Implications and Future Directions

The SSAS architecture demonstrates that source domain selection is crucial in robust cross-subject EEG emotion recognition. The explicit adversarial simulation and dynamic weighting distinguish SSAS from naïve alignment or simple instance filtering approaches, providing a blueprint for negative transfer mitigation in generic multi-source domain adaptation. In practical terms, SSAS enables higher-fidelity aBCIs deployable in settings where annotated target data is absent and inter-subject variability is high, such as real-world emotion monitoring, clinical diagnostics, and longitudinal neuroadaptive interfaces.

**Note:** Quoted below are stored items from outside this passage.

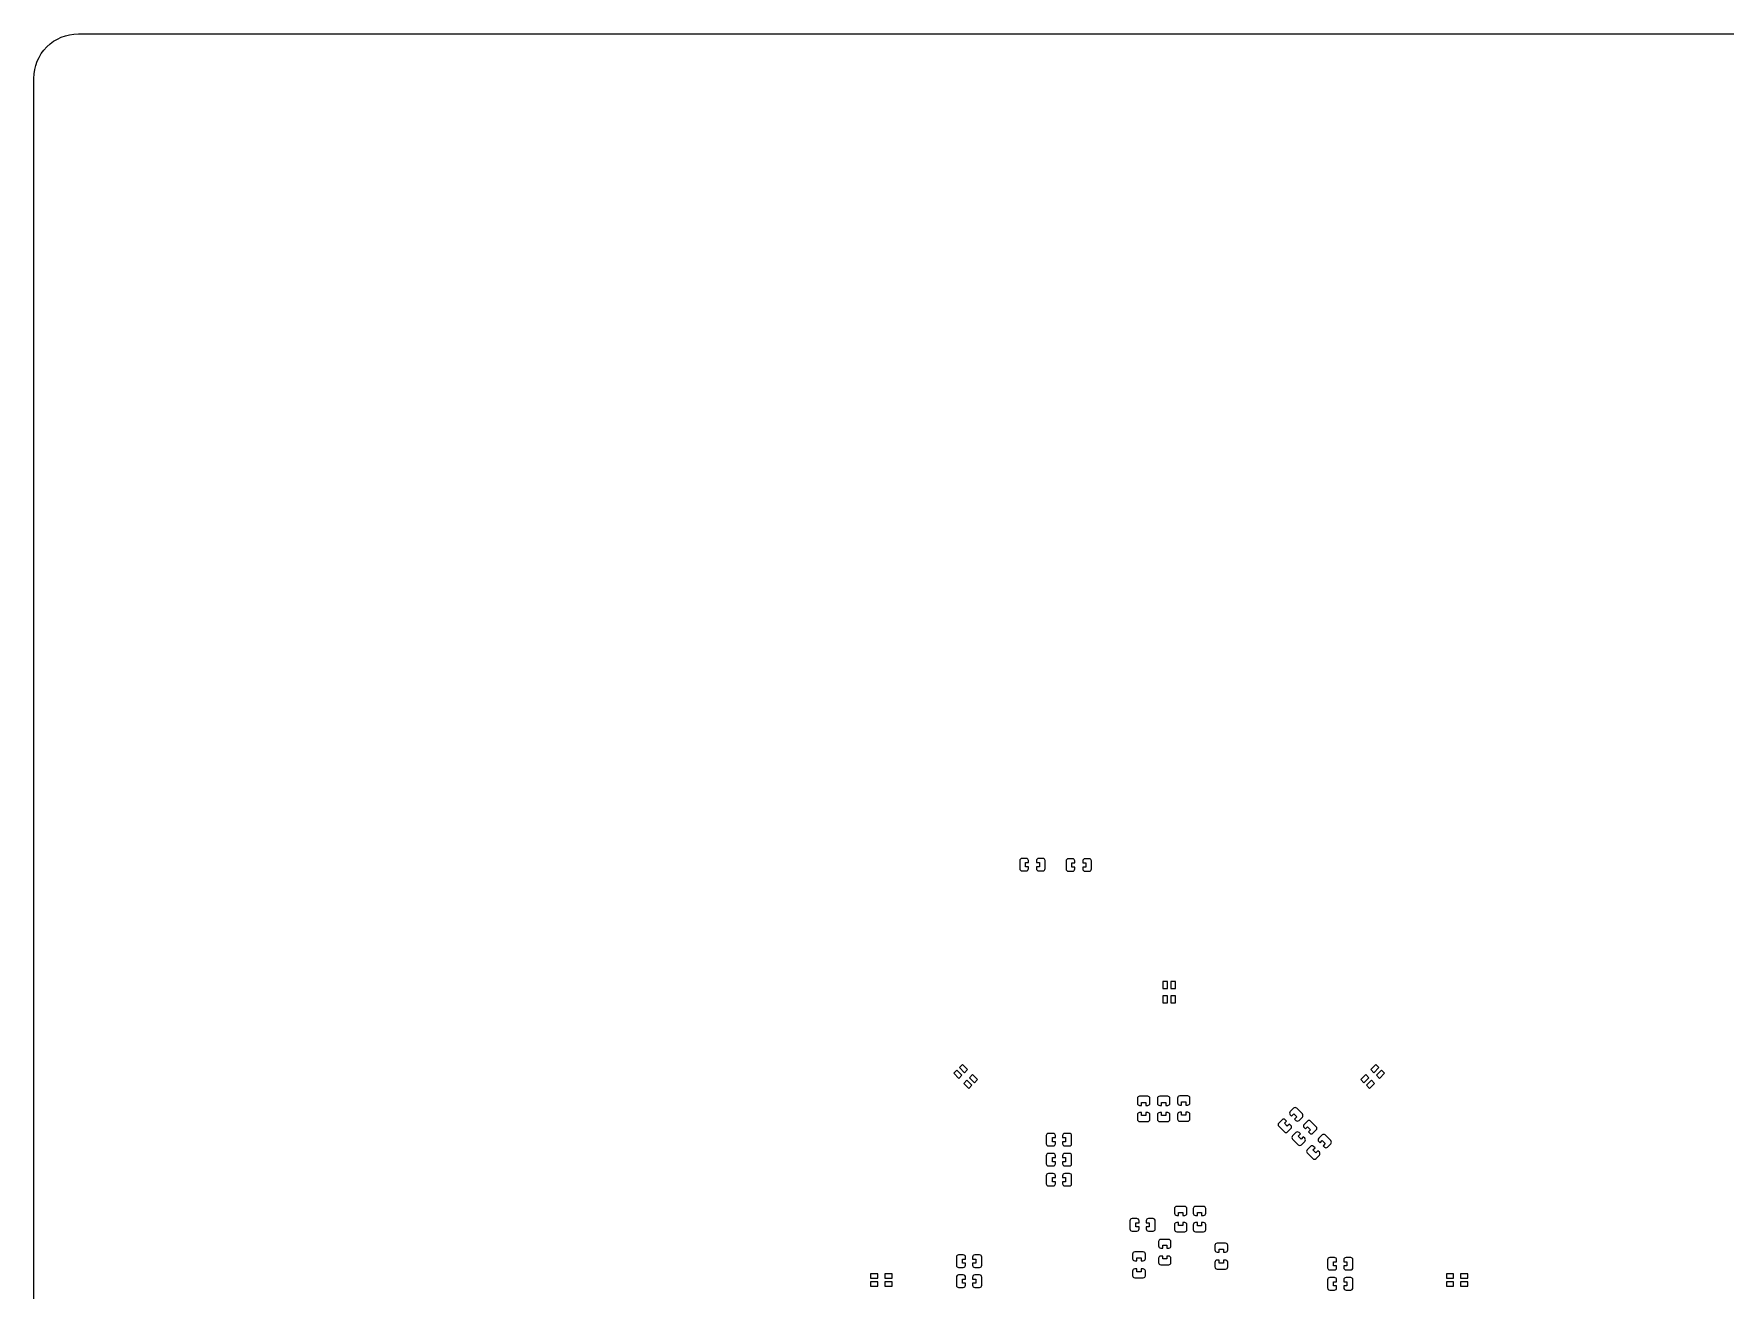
# Model space of a CAD drawing. Extents: x -190 to 190, y -140 to 140.
# Drawn here: x -190 to 0, y -1.1 to 140 of the extents above; entities that cross this region are included whole.
import ezdxf

# ---------------------------------------------------------------- set-up
doc = ezdxf.new("R2010")
doc.units = 0
doc.header["$MEASUREMENT"] = 0
doc.layers.get('0').update_dxf_attribs({"linetype": 'CONTINUOUS'})

msp = doc.modelspace()

# ---------------------------------------------------------------- linework, layer by layer
for points in [[(-189.999551, 135.000439, -0.414214), (-184.999531, 140.00043), (-184.999531, 140.00043), (185.000469, 140.00043), (185.000469, 140.00043, -0.414214), (190.000469, 135.000439), (190.000469, 135.000439), (190.000469, -134.999561), (190.000469, -134.999561, -0.414214), (185.000469, -139.99957), (185.000469, -139.99957), (-184.999531, -139.99957), (-184.999531, -139.99957, -0.414214), (-189.999551, -134.999561), (-189.999551, -134.999561), (-189.999551, 135.000439)], [(-78.266001, 47.137002, 0.39477), (-78.514004, 47.37), (-78.514004, 47.37), (-78.988999, 47.37), (-78.988999, 47.37, 0.414633), (-79.237998, 47.121001), (-79.237998, 47.121001), (-79.237998, 46.221001), (-79.237998, 46.221001, 0.414938), (-78.988999, 45.972002), (-78.988999, 45.972002), (-78.514004, 45.972002), (-78.514004, 45.972002, 0.413795), (-78.264995, 46.221001), (-78.264995, 46.221001), (-78.264995, 46.438003), (-78.264995, 46.438003), (-78.59, 46.438003), (-78.59, 46.438003), (-78.59, 46.903999), (-78.59, 46.903999), (-78.264995, 46.903999), (-78.264995, 46.903999), (-78.264995, 47.136001), (-78.264995, 47.136001), (-78.266001, 47.137002)], [(-76.390996, 47.121001, 0.414673), (-76.64, 47.37), (-76.64, 47.37), (-77.115, 47.37), (-77.115, 47.37, 0.413451), (-77.363999, 47.121001), (-77.363999, 47.121001), (-77.363999, 46.903999), (-77.363999, 46.903999), (-77.04, 46.903999), (-77.04, 46.903999), (-77.04, 46.438003), (-77.04, 46.438003), (-77.363999, 46.438003), (-77.363999, 46.438003), (-77.363999, 46.221001), (-77.363999, 46.221001, 0.413754), (-77.115, 45.972002), (-77.115, 45.972002), (-76.64, 45.972002), (-76.64, 45.972002, 0.414979), (-76.390996, 46.221001), (-76.390996, 46.221001), (-76.390996, 47.121001)], [(-73.063003, 47.102002, 0.394759), (-73.311001, 47.335), (-73.311001, 47.335), (-73.785996, 47.335), (-73.785996, 47.335, 0.414627), (-74.034995, 47.086001), (-74.034995, 47.086001), (-74.034995, 46.186001), (-74.034995, 46.186001, 0.414944), (-73.785996, 45.937002), (-73.785996, 45.937002), (-73.311001, 45.937002), (-73.311001, 45.937002, 0.413806), (-73.062002, 46.186001), (-73.062002, 46.186001), (-73.062002, 46.402998), (-73.062002, 46.402998), (-73.386997, 46.402998), (-73.386997, 46.402998), (-73.386997, 46.868999), (-73.386997, 46.868999), (-73.062002, 46.868999), (-73.062002, 46.868999), (-73.062002, 47.100996), (-73.062002, 47.100996), (-73.063003, 47.102002)], [(-71.188003, 47.086001, 0.41465), (-71.437002, 47.335), (-71.437002, 47.335), (-71.911997, 47.335), (-71.911997, 47.335, 0.413468), (-72.160996, 47.086001), (-72.160996, 47.086001), (-72.160996, 46.868999), (-72.160996, 46.868999), (-71.837002, 46.868999), (-71.837002, 46.868999), (-71.837002, 46.402998), (-71.837002, 46.402998), (-72.160996, 46.402998), (-72.160996, 46.402998), (-72.160996, 46.186001), (-72.160996, 46.186001, 0.413783), (-71.911997, 45.937002), (-71.911997, 45.937002), (-71.437002, 45.937002), (-71.437002, 45.937002, 0.414967), (-71.188003, 46.186001), (-71.188003, 46.186001), (-71.188003, 47.086001)], [(-64.625005, 20.405, 0.414678), (-64.873999, 20.654001), (-64.873999, 20.654001), (-65.773999, 20.654001), (-65.773999, 20.654001, 0.414632), (-66.022998, 20.405), (-66.022998, 20.405), (-66.022998, 19.88), (-66.022998, 19.88, 0.413749), (-65.773999, 19.631), (-65.773999, 19.631), (-65.557002, 19.631), (-65.557002, 19.631), (-65.557002, 19.972001), (-65.557002, 19.972001), (-65.091001, 19.972001), (-65.091001, 19.972001), (-65.091001, 19.631), (-65.091001, 19.631), (-64.873999, 19.631), (-64.873999, 19.631, 0.413795), (-64.625005, 19.88), (-64.625005, 19.88), (-64.625005, 20.405)], [(-62.375, 20.405, 0.414678), (-62.623999, 20.654001), (-62.623999, 20.654001), (-63.523999, 20.654001), (-63.523999, 20.654001, 0.414632), (-63.772998, 20.405), (-63.772998, 20.405), (-63.772998, 19.88), (-63.772998, 19.88, 0.413749), (-63.523999, 19.631), (-63.523999, 19.631), (-63.307002, 19.631), (-63.307002, 19.631), (-63.307002, 19.972001), (-63.307002, 19.972001), (-62.840996, 19.972001), (-62.840996, 19.972001), (-62.840996, 19.631), (-62.840996, 19.631), (-62.623999, 19.631), (-62.623999, 19.631, 0.413795), (-62.375, 19.88), (-62.375, 19.88), (-62.375, 20.405)], [(-60.123999, 20.443, 0.414678), (-60.373003, 20.692), (-60.373003, 20.692), (-61.273003, 20.692), (-61.273003, 20.692, 0.414632), (-61.522002, 20.443), (-61.522002, 20.443), (-61.522002, 19.918), (-61.522002, 19.918, 0.41375), (-61.273003, 19.669), (-61.273003, 19.669), (-61.056001, 19.669), (-61.056001, 19.669), (-61.056001, 20.01), (-61.056001, 20.01), (-60.59, 20.01), (-60.59, 20.01), (-60.59, 19.669), (-60.59, 19.669), (-60.373003, 19.669), (-60.373003, 19.669, 0.413796), (-60.123999, 19.918), (-60.123999, 19.918), (-60.123999, 20.443)], [(-48.135, 19.304, 0.411577), (-48.485, 19.305), (-48.485, 19.305), (-48.857998, 18.932), (-48.857998, 18.932, 0.41469), (-48.857998, 18.580001), (-48.857998, 18.580001), (-48.706001, 18.427999), (-48.706001, 18.427999), (-48.705, 18.427999), (-48.705, 18.427999), (-48.465, 18.667999), (-48.465, 18.667999), (-48.135, 18.338), (-48.135, 18.338), (-48.375, 18.098), (-48.375, 18.098), (-48.375, 18.097001), (-48.375, 18.097001), (-48.222002, 17.944), (-48.222002, 17.944, 0.414907), (-47.87, 17.944), (-47.87, 17.944), (-47.497998, 18.316001), (-47.497998, 18.316001, 0.413467), (-47.497998, 18.667), (-47.497998, 18.667), (-48.135, 19.304)], [(-64.625005, 18.581, 0.413503), (-64.873999, 18.828999), (-64.873999, 18.828999), (-65.091001, 18.828999), (-65.091001, 18.828999), (-65.091001, 18.488999), (-65.091001, 18.488999), (-65.557002, 18.488999), (-65.557002, 18.488999), (-65.557002, 18.828999), (-65.557002, 18.828999), (-65.773999, 18.828999), (-65.773999, 18.828999, 0.414633), (-66.022998, 18.580001), (-66.022998, 18.580001), (-66.022998, 18.055), (-66.022998, 18.055, 0.41375), (-65.773999, 17.805999), (-65.773999, 17.805999), (-64.873999, 17.805999), (-64.873999, 17.805999, 0.413796), (-64.625005, 18.055), (-64.625005, 18.055), (-64.625005, 18.581)], [(-62.375, 18.581, 0.413503), (-62.623999, 18.828999), (-62.623999, 18.828999), (-62.840996, 18.828999), (-62.840996, 18.828999), (-62.840996, 18.488999), (-62.840996, 18.488999), (-63.307002, 18.488999), (-63.307002, 18.488999), (-63.307002, 18.828999), (-63.307002, 18.828999), (-63.523999, 18.828999), (-63.523999, 18.828999, 0.414633), (-63.772998, 18.580001), (-63.772998, 18.580001), (-63.772998, 18.055), (-63.772998, 18.055, 0.41375), (-63.523999, 17.805999), (-63.523999, 17.805999), (-62.623999, 17.805999), (-62.623999, 17.805999, 0.413796), (-62.375, 18.055), (-62.375, 18.055), (-62.375, 18.581)], [(-60.123999, 18.618999, 0.413505), (-60.373003, 18.867), (-60.373003, 18.867), (-60.59, 18.867), (-60.59, 18.867), (-60.59, 18.527), (-60.59, 18.527), (-61.056001, 18.527), (-61.056001, 18.527), (-61.056001, 18.867), (-61.056001, 18.867), (-61.273003, 18.867), (-61.273003, 18.867, 0.414635), (-61.522002, 18.618), (-61.522002, 18.618), (-61.522002, 18.092999), (-61.522002, 18.092999, 0.41375), (-61.273003, 17.844), (-61.273003, 17.844), (-60.373003, 17.844), (-60.373003, 17.844, 0.413796), (-60.123999, 18.092999), (-60.123999, 18.092999), (-60.123999, 18.618999)], [(-49.426997, 18.014999, 0.411584), (-49.777002, 18.014), (-49.777002, 18.014), (-50.148999, 17.642001), (-50.148999, 17.642001, 0.414684), (-50.148999, 17.29), (-50.148999, 17.29), (-49.513003, 16.654), (-49.513003, 16.654, 0.414907), (-49.160996, 16.654), (-49.160996, 16.654), (-48.788999, 17.026), (-48.788999, 17.026, 0.413477), (-48.788999, 17.377001), (-48.788999, 17.377001), (-48.942998, 17.531), (-48.942998, 17.531), (-49.185, 17.288999), (-49.185, 17.288999), (-49.515, 17.619), (-49.515, 17.619), (-49.272998, 17.861), (-49.272998, 17.861), (-49.426997, 18.014999)], [(-46.58, 17.859, 0.411576), (-46.93, 17.859999), (-46.93, 17.859999), (-47.302998, 17.487001), (-47.302998, 17.487001, 0.41466), (-47.302998, 17.135), (-47.302998, 17.135), (-47.151001, 16.983), (-47.151001, 16.983), (-47.15, 16.983), (-47.15, 16.983), (-46.91, 17.223), (-46.91, 17.223), (-46.58, 16.892999), (-46.58, 16.892999), (-46.82, 16.652999), (-46.82, 16.652999), (-46.82, 16.652), (-46.82, 16.652), (-46.666997, 16.499), (-46.666997, 16.499, 0.414905), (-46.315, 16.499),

However, SSAS incurs computational overhead for explicit source weighting and sequential training; its marginal advantage is attenuated in settings where sources are uniformly high-quality. Future work is likely to explore lightweight or continual selection modules, soft adaptive gating, and integration with more sophisticated uncertainty quantification or generative data augmentation for improved sample efficiency.

Conclusion

SSAS establishes an empirically validated and theoretically motivated framework for source selection and adversarial domain adaptation in cross-subject EEG emotion recognition. By coupling dynamic, adversarially informed weighting with robust adaptation objectives, it attains high generalization accuracy, particularly in challenging, negative transfer-prone environments. Extensions of SSAS are likely to inform broader DA practice for other bio-signal recognition and multi-source adaptation tasks.